After finishing the Hegoland dagger, Tom got me into another interesting project. A small, beach battered flint nodule with a natural hole in it that was the result of a chalk inclusion being eroded out. When I saw it and the plans for what he wanted made from it I said "Holy S*** how in the Hell am I going to do that! "Disc Maces" made from flint are extremely rare, with only one in the Danish National Museum. The picture at top, shows the rock with a hole in it, which I called the "Holy" rock because it looked like something a shaman would want to put in his medicine bag, along with a drawing of the mace from the DNM, and my version of it superimposed over one of the photos. Because this thing looked so much like an artifact already and was heavily coned on the outside with a texture like granite, I had misgivings about attacking it. This, I conveyed to Tom, who assured me it was not an artifact and was expendable. You know when you get that special feeling and all is just right, well, I had it the day I went after the "Holy Rock!" It took about 2 hours once I got the first flake off the nose of that thing. I had to finally hit it with a steel hammer. With the first flake removed and a platform started in clear flint I used my copper boppers a little, but mostly my copper punches. No flakes could be removed from inside the hole due to the angles being wrong. All flakes were from the rim, which is like that of a square-sectioned  axe. It was a real battle to get past the cones and keep as much material on the rim as I could. The disc, which is a bit elliptical, is about 2 3/8 inches wide and is about 3/4 inch thick. I would have liked to have thinned it more so it would have been more in proportion to the drawing, but to remove another set of flakes off the faces would have meant loosing more of the precious diameter in platform preparations. Given the shape and condition of that pebble, I got all I could out of it, and was lucky to do that!

"Any direction, for as long as it is FORWARD!"

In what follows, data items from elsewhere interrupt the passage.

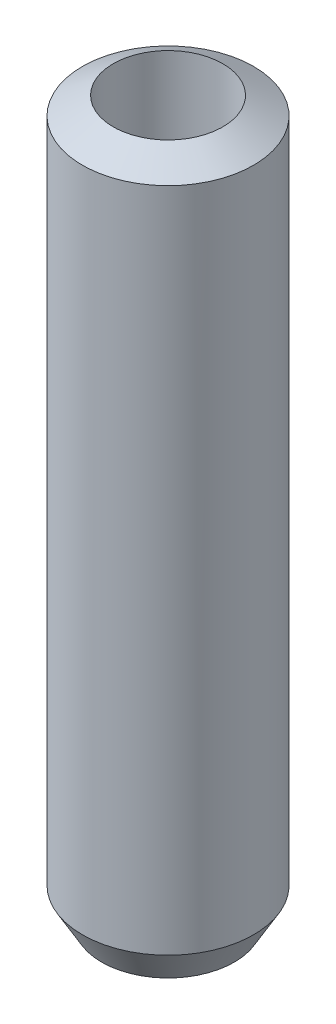
ISO-10303-21;
HEADER;
FILE_DESCRIPTION(('STEP AP214'),'2;1');
FILE_NAME('part.step','',(''),(''),'','','');
FILE_SCHEMA(('AUTOMOTIVE_DESIGN { 1 0 10303 214 1 1 1 1 }'));
ENDSEC;
DATA;
#1=APPLICATION_CONTEXT('core data for automotive mechanical design processes');
#2=APPLICATION_PROTOCOL_DEFINITION('international standard','automotive_design',2000,#1);
#3=PRODUCT_CONTEXT('',#1,'mechanical');
#4=PRODUCT('Part','Part','',(#3));
#5=PRODUCT_RELATED_PRODUCT_CATEGORY('part','',(#4));
#6=PRODUCT_DEFINITION_FORMATION('','',#4);
#7=PRODUCT_DEFINITION_CONTEXT('part definition',#1,'design');
#8=PRODUCT_DEFINITION('design','',#6,#7);
#9=PRODUCT_DEFINITION_SHAPE('','',#8);
#10=(LENGTH_UNIT() NAMED_UNIT(*) SI_UNIT(.MILLI.,.METRE.));
#11=(NAMED_UNIT(*) PLANE_ANGLE_UNIT() SI_UNIT($,.RADIAN.));
#12=(NAMED_UNIT(*) SI_UNIT($,.STERADIAN.) SOLID_ANGLE_UNIT());
#13=UNCERTAINTY_MEASURE_WITH_UNIT(LENGTH_MEASURE(1.E-05),#10,'distance_accuracy_value','');
#14=(GEOMETRIC_REPRESENTATION_CONTEXT(3) GLOBAL_UNCERTAINTY_ASSIGNED_CONTEXT((#13)) GLOBAL_UNIT_ASSIGNED_CONTEXT((#10,
#11,#12)) REPRESENTATION_CONTEXT('',''));
#15=CARTESIAN_POINT('',(0.,0.,0.));
#16=DIRECTION('',(0.,0.,1.));
#17=DIRECTION('',(1.,0.,0.));
#18=AXIS2_PLACEMENT_3D('',#15,#16,#17);
#19=CARTESIAN_POINT('',(0.,209.985929974804,0.));
#20=DIRECTION('',(0.,-1.,0.));
#21=DIRECTION('',(0.,0.,-1.));
#22=AXIS2_PLACEMENT_3D('',#19,#20,#21);
#23=CYLINDRICAL_SURFACE('',#22,25.);
#24=CARTESIAN_POINT('',(0.,204.36306979322,0.));
#25=DIRECTION('',(0.,1.,0.));
#26=DIRECTION('',(0.,0.,1.));
#27=AXIS2_PLACEMENT_3D('',#24,#25,#26);
#28=CIRCLE('',#27,25.);
#29=CARTESIAN_POINT('',(0.,204.36306979322,-25.));
#30=VERTEX_POINT('',#29);
#31=EDGE_CURVE('E50',#30,#30,#28,.F.);
#32=CARTESIAN_POINT('',(0.,9.73907951835973,0.));
#33=DIRECTION('',(0.,1.,0.));
#34=DIRECTION('',(0.,0.,1.));
#35=AXIS2_PLACEMENT_3D('',#32,#33,#34);
#36=CIRCLE('',#35,25.);
#37=CARTESIAN_POINT('',(0.,9.7390795183597,-25.));
#38=VERTEX_POINT('',#37);
#39=EDGE_CURVE('E51',#38,#38,#36,.T.);
#40=CARTESIAN_POINT('',(0.,204.36306979322,-25.));
#41=CARTESIAN_POINT('',(0.,202.335736561191,-25.));
#42=CARTESIAN_POINT('',(0.,200.308403329161,-25.));
#43=CARTESIAN_POINT('',(0.,196.253736865101,-25.));
#44=CARTESIAN_POINT('',(0.,194.226403633071,-25.));
#45=CARTESIAN_POINT('',(0.,190.171737169012,-25.));
#46=CARTESIAN_POINT('',(0.,188.144403936982,-25.));
#47=CARTESIAN_POINT('',(0.,184.089737472922,-25.));
#48=CARTESIAN_POINT('',(0.,182.062404240893,-25.));
#49=CARTESIAN_POINT('',(0.,178.007737776833,-25.));
#50=CARTESIAN_POINT('',(0.,175.980404544803,-25.));
#51=CARTESIAN_POINT('',(0.,171.925738080744,-25.));
#52=CARTESIAN_POINT('',(0.,169.898404848714,-25.));
#53=CARTESIAN_POINT('',(0.,165.843738384654,-25.));
#54=CARTESIAN_POINT('',(0.,163.816405152624,-25.));
#55=CARTESIAN_POINT('',(0.,159.761738688565,-25.));
#56=CARTESIAN_POINT('',(0.,157.734405456535,-25.));
#57=CARTESIAN_POINT('',(0.,153.679738992475,-25.));
#58=CARTESIAN_POINT('',(0.,151.652405760446,-25.));
#59=CARTESIAN_POINT('',(0.,147.597739296386,-25.));
#60=CARTESIAN_POINT('',(0.,145.570406064356,-25.));
#61=CARTESIAN_POINT('',(0.,141.515739600297,-25.));
#62=CARTESIAN_POINT('',(0.,139.488406368267,-25.));
#63=CARTESIAN_POINT('',(0.,135.433739904207,-25.));
#64=CARTESIAN_POINT('',(0.,133.406406672177,-25.));
#65=CARTESIAN_POINT('',(0.,129.351740208118,-25.));
#66=CARTESIAN_POINT('',(0.,127.324406976088,-25.));
#67=CARTESIAN_POINT('',(0.,123.269740512028,-25.));
#68=CARTESIAN_POINT('',(0.,121.242407279999,-25.));
#69=CARTESIAN_POINT('',(0.,117.187740815939,-25.));
#70=CARTESIAN_POINT('',(0.,115.160407583909,-25.));
#71=CARTESIAN_POINT('',(0.,111.10574111985,-25.));
#72=CARTESIAN_POINT('',(0.,109.07840788782,-25.));
#73=CARTESIAN_POINT('',(0.,105.02374142376,-25.));
#74=CARTESIAN_POINT('',(0.,102.99640819173,-25.));
#75=CARTESIAN_POINT('',(0.,98.9417417276709,-25.));
#76=CARTESIAN_POINT('',(0.,96.9144084956411,-25.));
#77=CARTESIAN_POINT('',(0.,92.8597420315815,-25.));
#78=CARTESIAN_POINT('',(0.,90.8324087995517,-25.));
#79=CARTESIAN_POINT('',(0.,86.7777423354921,-25.));
#80=CARTESIAN_POINT('',(0.,84.7504091034623,-25.));
#81=CARTESIAN_POINT('',(0.,80.6957426394027,-25.));
#82=CARTESIAN_POINT('',(0.,78.6684094073729,-25.));
#83=CARTESIAN_POINT('',(0.,74.6137429433133,-25.));
#84=CARTESIAN_POINT('',(0.,72.5864097112835,-25.));
#85=CARTESIAN_POINT('',(0.,68.5317432472239,-25.));
#86=CARTESIAN_POINT('',(0.,66.5044100151941,-25.));
#87=CARTESIAN_POINT('',(0.,62.4497435511345,-25.));
#88=CARTESIAN_POINT('',(0.,60.4224103191047,-25.));
#89=CARTESIAN_POINT('',(0.,56.3677438550451,-25.));
#90=CARTESIAN_POINT('',(0.,54.3404106230153,-25.));
#91=CARTESIAN_POINT('',(0.,50.2857441589557,-25.));
#92=CARTESIAN_POINT('',(0.,48.2584109269259,-25.));
#93=CARTESIAN_POINT('',(0.,44.2037444628663,-25.));
#94=CARTESIAN_POINT('',(0.,42.1764112308365,-25.));
#95=CARTESIAN_POINT('',(0.,38.1217447667769,-25.));
#96=CARTESIAN_POINT('',(0.,36.0944115347471,-25.));
#97=CARTESIAN_POINT('',(0.,32.0397450706875,-25.));
#98=CARTESIAN_POINT('',(0.,30.0124118386577,-25.));
#99=CARTESIAN_POINT('',(0.,25.9577453745981,-25.));
#100=CARTESIAN_POINT('',(0.,23.9304121425683,-25.));
#101=CARTESIAN_POINT('',(0.,19.8757456785087,-25.));
#102=CARTESIAN_POINT('',(0.,17.8484124464789,-25.));
#103=CARTESIAN_POINT('',(0.,13.7937459824193,-25.));
#104=CARTESIAN_POINT('',(0.,11.7664127503895,-25.));
#105=CARTESIAN_POINT('',(0.,9.7390795183597,-25.));
#106=B_SPLINE_CURVE_WITH_KNOTS('',3,(#40,#41,#42,#43,#44,#45,#46,#47,#48,#49,#50,#51,#52,#53,
#54,#55,#56,#57,#58,#59,#60,#61,#62,#63,#64,#65,#66,#67,#68,#69,#70,#71,#72,#73,#74,#75,#76,#77,
#78,#79,#80,#81,#82,#83,#84,#85,#86,#87,#88,#89,#90,#91,#92,#93,#94,#95,#96,#97,#98,#99,#100,
#101,#102,#103,#104,#105),.UNSPECIFIED.,.F.,.F.,(4,2,2,2,2,2,2,2,2,2,2,2,2,2,2,2,2,2,2,2,2,2,2,
2,2,2,2,2,2,2,2,2,4),(0.,6.08199969608941,12.1639993921788,18.2459990882682,24.3279987843576,
30.409998480447,36.4919981765364,42.5739978726258,48.6559975687152,54.7379972648046,
60.819996960894,66.9019966569834,72.9839963530728,79.0659960491622,85.1479957452516,
91.229995441341,97.3119951374304,103.39399483352,109.475994529609,115.557994225699,
121.639993921788,127.721993617877,133.803993313967,139.885993010056,145.967992706146,
152.049992402235,158.131992098324,164.213991794414,170.295991490503,176.377991186593,
182.459990882682,188.541990578771,194.623990274861),.UNSPECIFIED.);
#107=EDGE_CURVE('BSEAM39',#30,#38,#106,.T.);
#108=ORIENTED_EDGE('',*,*,#31,.T.);
#109=ORIENTED_EDGE('',*,*,#39,.T.);
#110=ORIENTED_EDGE('',*,*,#107,.T.);
#111=ORIENTED_EDGE('',*,*,#107,.F.);
#112=EDGE_LOOP('',(#108,#110,#109,#111));
#113=FACE_BOUND('',#112,.T.);
#114=ADVANCED_FACE('F39',(#113),#23,.T.);
#115=CARTESIAN_POINT('',(0.,0.,0.));
#116=DIRECTION('',(0.,1.,0.));
#117=DIRECTION('',(0.,0.,1.));
#118=AXIS2_PLACEMENT_3D('',#115,#116,#117);
#119=PLANE('',#118);
#120=CARTESIAN_POINT('',(0.,0.,0.));
#121=DIRECTION('',(0.,1.,0.));
#122=DIRECTION('',(0.,0.,1.));
#123=AXIS2_PLACEMENT_3D('',#120,#121,#122);
#124=CIRCLE('',#123,19.3771398184158);
#125=CARTESIAN_POINT('',(0.,0.,19.3771398184158));
#126=VERTEX_POINT('',#125);
#127=EDGE_CURVE('E10',#126,#126,#124,.F.);
#128=ORIENTED_EDGE('',*,*,#127,.T.);
#129=EDGE_LOOP('',(#128));
#130=FACE_BOUND('',#129,.T.);
#131=CARTESIAN_POINT('',(0.,0.,0.));
#132=DIRECTION('',(0.,1.,0.));
#133=DIRECTION('',(0.,0.,1.));
#134=AXIS2_PLACEMENT_3D('',#131,#132,#133);
#135=CIRCLE('',#134,15.9977561974088);
#136=CARTESIAN_POINT('',(0.,0.,-15.9977561974088));
#137=VERTEX_POINT('',#136);
#138=EDGE_CURVE('E58',#137,#137,#135,.T.);
#139=ORIENTED_EDGE('',*,*,#138,.T.);
#140=EDGE_LOOP('',(#139));
#141=FACE_BOUND('',#140,.T.);
#142=ADVANCED_FACE('F62',(#130,#141),#119,.F.);
#143=CARTESIAN_POINT('',(0.,209.985929974804,0.));
#144=DIRECTION('',(0.,-1.,0.));
#145=DIRECTION('',(0.,0.,-1.));
#146=AXIS2_PLACEMENT_3D('',#143,#144,#145);
#147=CYLINDRICAL_SURFACE('',#146,15.9977561974088);
#148=CARTESIAN_POINT('',(0.,209.560517675957,0.));
#149=DIRECTION('',(0.,-1.,0.));
#150=DIRECTION('',(0.,0.,-1.));
#151=AXIS2_PLACEMENT_3D('',#148,#149,#150);
#152=CIRCLE('',#151,15.9977561974088);
#153=CARTESIAN_POINT('',(0.,209.560517675957,-15.9977561974088));
#154=VERTEX_POINT('',#153);
#155=EDGE_CURVE('E54',#154,#154,#152,.F.);
#156=CARTESIAN_POINT('',(0.,209.560517675957,-15.9977561974088));
#157=CARTESIAN_POINT('',(0.,207.377595616833,-15.9977561974088));
#158=CARTESIAN_POINT('',(0.,205.194673557708,-15.9977561974088));
#159=CARTESIAN_POINT('',(0.,200.828829439459,-15.9977561974088));
#160=CARTESIAN_POINT('',(0.,198.645907380334,-15.9977561974088));
#161=CARTESIAN_POINT('',(0.,194.280063262085,-15.9977561974088));
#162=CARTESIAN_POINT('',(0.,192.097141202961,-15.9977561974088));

This is the picture I see as a screen saver on the computer I use every day. It is one of my model ships that I converted to radio control just before the wife's passing and she took this wonderful photo of it under full sail with a fair wind just too the port-stern quarter. Square-riggers are at their best with the wind coming from this direction but they can't sail directly into it. Some are efficient enough that they might go as high as 70 degrees. "On the wind" my little Thermopylae can do about 60. In order to get somewhere against  the wind the ship is forced to sail a zigzag course. It is called tacking and is hard work for the crew and so it is with me. I sail with the wind when I can and tack when I must, just for as long as I am making "headway!"